Ia menilai kondisi hubungan industrial di Purbalingga saat ini cukup kondusif, dengan kontribusi besar dari buruh dan pengusaha terhadap pertumbuhan ekonomi daerah.

"Pertumbuhan ekonomi Kabupaten Purbalingga pada tahun 2025 tercatat mencapai 5,92 persen. Tentu capaian tersebut tidak lepas dari peran para pekerja," katanya.

Ia mengakui dinamika ketenagakerjaan seperti pemutusan hubungan kerja (PHK) masih mungkin terjadi.

Kendati demikian, pemerintah daerah terus berupaya agar serapan tenaga kerja lebih besar dibandingkan jumlah PHK, salah satunya melalui pengembangan usaha mikro, kecil, dan menengah (UMKM).

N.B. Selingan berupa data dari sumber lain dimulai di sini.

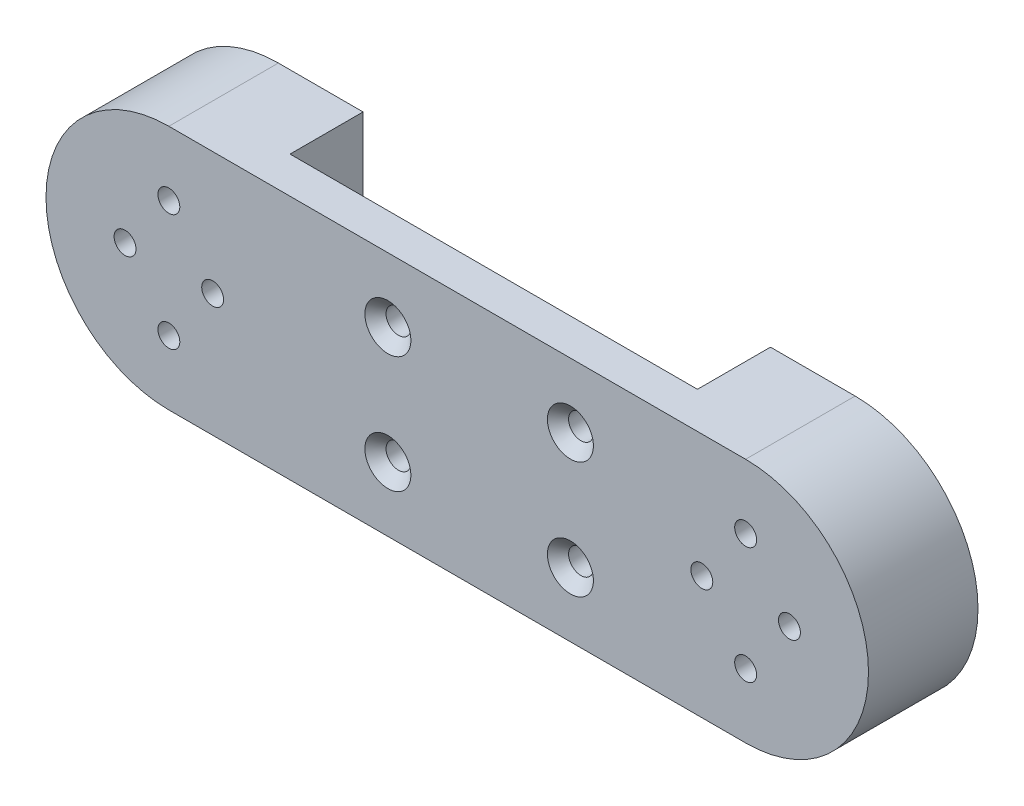
ISO-10303-21;
HEADER;
FILE_DESCRIPTION(('STEP AP214'),'2;1');
FILE_NAME('part.step','',(''),(''),'','','');
FILE_SCHEMA(('AUTOMOTIVE_DESIGN { 1 0 10303 214 1 1 1 1 }'));
ENDSEC;
DATA;
#1=APPLICATION_CONTEXT('core data for automotive mechanical design processes');
#2=APPLICATION_PROTOCOL_DEFINITION('international standard','automotive_design',2000,#1);
#3=PRODUCT_CONTEXT('',#1,'mechanical');
#4=PRODUCT('Part','Part','',(#3));
#5=PRODUCT_RELATED_PRODUCT_CATEGORY('part','',(#4));
#6=PRODUCT_DEFINITION_FORMATION('','',#4);
#7=PRODUCT_DEFINITION_CONTEXT('part definition',#1,'design');
#8=PRODUCT_DEFINITION('design','',#6,#7);
#9=PRODUCT_DEFINITION_SHAPE('','',#8);
#10=(LENGTH_UNIT() NAMED_UNIT(*) SI_UNIT(.MILLI.,.METRE.));
#11=(NAMED_UNIT(*) PLANE_ANGLE_UNIT() SI_UNIT($,.RADIAN.));
#12=(NAMED_UNIT(*) SI_UNIT($,.STERADIAN.) SOLID_ANGLE_UNIT());
#13=UNCERTAINTY_MEASURE_WITH_UNIT(LENGTH_MEASURE(1.E-05),#10,'distance_accuracy_value','');
#14=(GEOMETRIC_REPRESENTATION_CONTEXT(3) GLOBAL_UNCERTAINTY_ASSIGNED_CONTEXT((#13)) GLOBAL_UNIT_ASSIGNED_CONTEXT((#10,
#11,#12)) REPRESENTATION_CONTEXT('',''));
#15=CARTESIAN_POINT('',(0.,0.,0.));
#16=DIRECTION('',(0.,0.,1.));
#17=DIRECTION('',(1.,0.,0.));
#18=AXIS2_PLACEMENT_3D('',#15,#16,#17);
#19=CARTESIAN_POINT('',(0.,0.,0.));
#20=DIRECTION('',(0.,0.,1.));
#21=DIRECTION('',(1.,0.,0.));
#22=AXIS2_PLACEMENT_3D('',#19,#20,#21);
#23=PLANE('',#22);
#24=CARTESIAN_POINT('',(-9.5,8.,0.));
#25=DIRECTION('',(0.,0.,1.));
#26=DIRECTION('',(1.,0.,0.));
#27=AXIS2_PLACEMENT_3D('',#24,#25,#26);
#28=CIRCLE('',#27,1.7);
#29=CARTESIAN_POINT('',(-7.8,8.,0.));
#30=VERTEX_POINT('',#29);
#31=EDGE_CURVE('E49',#30,#30,#28,.T.);
#32=ORIENTED_EDGE('',*,*,#31,.T.);
#33=EDGE_LOOP('',(#32));
#34=FACE_BOUND('',#33,.T.);
#35=CARTESIAN_POINT('',(15.5,8.,0.));
#36=DIRECTION('',(0.,0.,1.));
#37=DIRECTION('',(1.,0.,0.));
#38=AXIS2_PLACEMENT_3D('',#35,#36,#37);
#39=CIRCLE('',#38,1.7);
#40=CARTESIAN_POINT('',(17.2,8.,0.));
#41=VERTEX_POINT('',#40);
#42=EDGE_CURVE('E221',#41,#41,#39,.T.);
#43=ORIENTED_EDGE('',*,*,#42,.T.);
#44=EDGE_LOOP('',(#43));
#45=FACE_BOUND('',#44,.T.);
#46=CARTESIAN_POINT('',(15.5,-8.,0.));
#47=DIRECTION('',(0.,0.,1.));
#48=DIRECTION('',(1.,0.,0.));
#49=AXIS2_PLACEMENT_3D('',#46,#47,#48);
#50=CIRCLE('',#49,1.7);
#51=CARTESIAN_POINT('',(17.2,-8.,0.));
#52=VERTEX_POINT('',#51);
#53=EDGE_CURVE('E217',#52,#52,#50,.T.);
#54=ORIENTED_EDGE('',*,*,#53,.T.);
#55=EDGE_LOOP('',(#54));
#56=FACE_BOUND('',#55,.T.);
#57=CARTESIAN_POINT('',(-9.5,-8.,0.));
#58=DIRECTION('',(0.,0.,1.));
#59=DIRECTION('',(1.,0.,0.));
#60=AXIS2_PLACEMENT_3D('',#57,#58,#59);
#61=CIRCLE('',#60,1.7);
#62=CARTESIAN_POINT('',(-7.8,-8.,0.));
#63=VERTEX_POINT('',#62);
#64=EDGE_CURVE('E212',#63,#63,#61,.T.);
#65=ORIENTED_EDGE('',*,*,#64,.T.);
#66=EDGE_LOOP('',(#65));
#67=FACE_BOUND('',#66,.T.);
#68=DIRECTION('',(0.,-1.,0.));
#69=VECTOR('',#68,1.);
#70=CARTESIAN_POINT('',(-27.9,0.,0.));
#71=LINE('',#70,#69);
#72=CARTESIAN_POINT('',(-27.9,16.8266712267679,0.));
#73=VERTEX_POINT('',#72);
#74=CARTESIAN_POINT('',(-27.9,-16.8266712267679,0.));
#75=VERTEX_POINT('',#74);
#76=EDGE_CURVE('E215',#73,#75,#71,.T.);
#77=ORIENTED_EDGE('',*,*,#76,.F.);
#78=DIRECTION('',(1.,0.,0.));
#79=VECTOR('',#78,1.);
#80=CARTESIAN_POINT('',(0.,16.8266712267679,0.));
#81=LINE('',#80,#79);
#82=CARTESIAN_POINT('',(27.9,16.8266712267679,0.));
#83=VERTEX_POINT('',#82);
#84=EDGE_CURVE('E138',#73,#83,#81,.T.);
#85=ORIENTED_EDGE('',*,*,#84,.T.);
#86=DIRECTION('',(0.,-1.,0.));
#87=VECTOR('',#86,1.);
#88=CARTESIAN_POINT('',(27.9,0.,0.));
#89=LINE('',#88,#87);
#90=CARTESIAN_POINT('',(27.9,-16.8266712267679,0.));
#91=VERTEX_POINT('',#90);
#92=EDGE_CURVE('E139',#83,#91,#89,.T.);
#93=ORIENTED_EDGE('',*,*,#92,.T.);
#94=DIRECTION('',(1.,0.,0.));
#95=VECTOR('',#94,1.);
#96=CARTESIAN_POINT('',(0.,-16.8266712267679,0.));
#97=LINE('',#96,#95);
#98=EDGE_CURVE('E62',#75,#91,#97,.T.);
#99=ORIENTED_EDGE('',*,*,#98,.F.);
#100=EDGE_LOOP('',(#77,#85,#93,#99));
#101=FACE_BOUND('',#100,.T.);
#102=ADVANCED_FACE('F45',(#34,#45,#56,#67,#101),#23,.F.);
#103=CARTESIAN_POINT('',(0.,-16.8266712267679,5.));
#104=DIRECTION('',(0.,1.,0.));
#105=DIRECTION('',(-1.,0.,0.));
#106=AXIS2_PLACEMENT_3D('',#103,#104,#105);
#107=PLANE('',#106);
#108=DIRECTION('',(0.,0.,-1.));
#109=VECTOR('',#108,1.);
#110=CARTESIAN_POINT('',(-39.5,-16.8266712267679,5.));
#111=LINE('',#110,#109);
#112=CARTESIAN_POINT('',(-39.5,-16.8266712267679,5.));
#113=VERTEX_POINT('',#112);
#114=CARTESIAN_POINT('',(-39.5,-16.8266712267679,-10.));
#115=VERTEX_POINT('',#114);
#116=EDGE_CURVE('E205',#113,#115,#111,.T.);
#117=ORIENTED_EDGE('',*,*,#116,.T.);
#118=DIRECTION('',(-1.,0.,0.));
#119=VECTOR('',#118,1.);
#120=CARTESIAN_POINT('',(0.,-16.8266712267679,-10.));
#121=LINE('',#120,#119);
#122=CARTESIAN_POINT('',(-27.9,-16.8266712267679,-10.));
#123=VERTEX_POINT('',#122);
#124=EDGE_CURVE('E124',#123,#115,#121,.T.);
#125=ORIENTED_EDGE('',*,*,#124,.F.);
#126=DIRECTION('',(0.,0.,1.));
#127=VECTOR('',#126,1.);
#128=CARTESIAN_POINT('',(-27.9,-16.8266712267679,-10.));
#129=LINE('',#128,#127);
#130=EDGE_CURVE('E120',#123,#75,#129,.T.);
#131=ORIENTED_EDGE('',*,*,#130,.T.);
#132=ORIENTED_EDGE('',*,*,#98,.T.);
#133=DIRECTION('',(0.,0.,1.));
#134=VECTOR('',#133,1.);
#135=CARTESIAN_POINT('',(27.9,-16.8266712267679,-10.));
#136=LINE('',#135,#134);
#137=CARTESIAN_POINT('',(27.9,-16.8266712267679,-10.));
#138=VERTEX_POINT('',#137);
#139=EDGE_CURVE('E168',#138,#91,#136,.T.);
#140=ORIENTED_EDGE('',*,*,#139,.F.);
#141=DIRECTION('',(-1.,0.,0.));
#142=VECTOR('',#141,1.);
#143=CARTESIAN_POINT('',(0.,-16.8266712267679,-10.));
#144=LINE('',#143,#142);
#145=CARTESIAN_POINT('',(39.5,-16.8266712267679,-10.));
#146=VERTEX_POINT('',#145);
#147=EDGE_CURVE('E155',#146,#138,#144,.T.);
#148=ORIENTED_EDGE('',*,*,#147,.F.);
#149=DIRECTION('',(0.,0.,-1.));
#150=VECTOR('',#149,1.);
#151=CARTESIAN_POINT('',(39.5,-16.8266712267679,5.));
#152=LINE('',#151,#150);
#153=CARTESIAN_POINT('',(39.5,-16.8266712267679,5.));
#154=VERTEX_POINT('',#153);
#155=EDGE_CURVE('E11',#154,#146,#152,.T.);
#156=ORIENTED_EDGE('',*,*,#155,.F.);
#157=DIRECTION('',(1.,0.,0.));
#158=VECTOR('',#157,1.);
#159=CARTESIAN_POINT('',(0.,-16.8266712267679,5.));
#160=LINE('',#159,#158);
#161=EDGE_CURVE('E173',#113,#154,#160,.T.);
#162=ORIENTED_EDGE('',*,*,#161,.F.);
#163=EDGE_LOOP('',(#117,#125,#131,#132,#140,#148,#156,#162));
#164=FACE_BOUND('',#163,.T.);
#165=ADVANCED_FACE('F47',(#164),#107,.F.);
#166=CARTESIAN_POINT('',(39.5,0.,5.));
#167=DIRECTION('',(0.,0.,-1.));
#168=DIRECTION('',(-1.,0.,0.));
#169=AXIS2_PLACEMENT_3D('',#166,#167,#168);
#170=CYLINDRICAL_SURFACE('',#169,16.8266712267679);
#171=ORIENTED_EDGE('',*,*,#155,.T.);
#172=CARTESIAN_POINT('',(39.5,0.,-10.));
#173=DIRECTION('',(0.,0.,-1.));
#174=DIRECTION('',(-1.,0.,0.));
#175=AXIS2_PLACEMENT_3D('',#172,#173,#174);
#176=CIRCLE('',#175,16.8266712267679);
#177=CARTESIAN_POINT('',(39.5,16.8266712267679,-10.));
#178=VERTEX_POINT('',#177);
#179=EDGE_CURVE('E152',#178,#146,#176,.T.);
#180=ORIENTED_EDGE('',*,*,#179,.F.);
#181=DIRECTION('',(0.,0.,-1.));
#182=VECTOR('',#181,1.);
#183=CARTESIAN_POINT('',(39.5,16.8266712267679,5.));
#184=LINE('',#183,#182);
#185=CARTESIAN_POINT('',(39.5,16.8266712267679,5.));
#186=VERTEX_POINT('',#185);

Ketua Panitia Kegiatan Maryoto mengatakan peringatan May Day tersebut mengusung tema kolaborasi bersama dalam mewujudkan kemajuan industri dan kesejahteraan pekerja.

"Kegiatan ini bertujuan memperkuat kebersamaan antara pekerja, pengusaha, dan pemerintah," katanya.

Ia mengatakan kegiatan tersebut terselenggara atas kerja sama Pemerintah Kabupaten Purbalingga, Asosiasi Pengusaha Indonesia (Apindo), Serikat Pekerja Seluruh Indonesia (SPSI), Forum Komunikasi Hubungan Industrial (FKHR) Purbalingga, serta pengelola Purbasari Pancuranmas.

Melalui kolaborasi tersebut, dia mengharapkan tercipta hubungan industrial yang harmonis dan dinamis, sekaligus mendukung peningkatan kesejahteraan pekerja serta iklim usaha yang kondusif di daerah.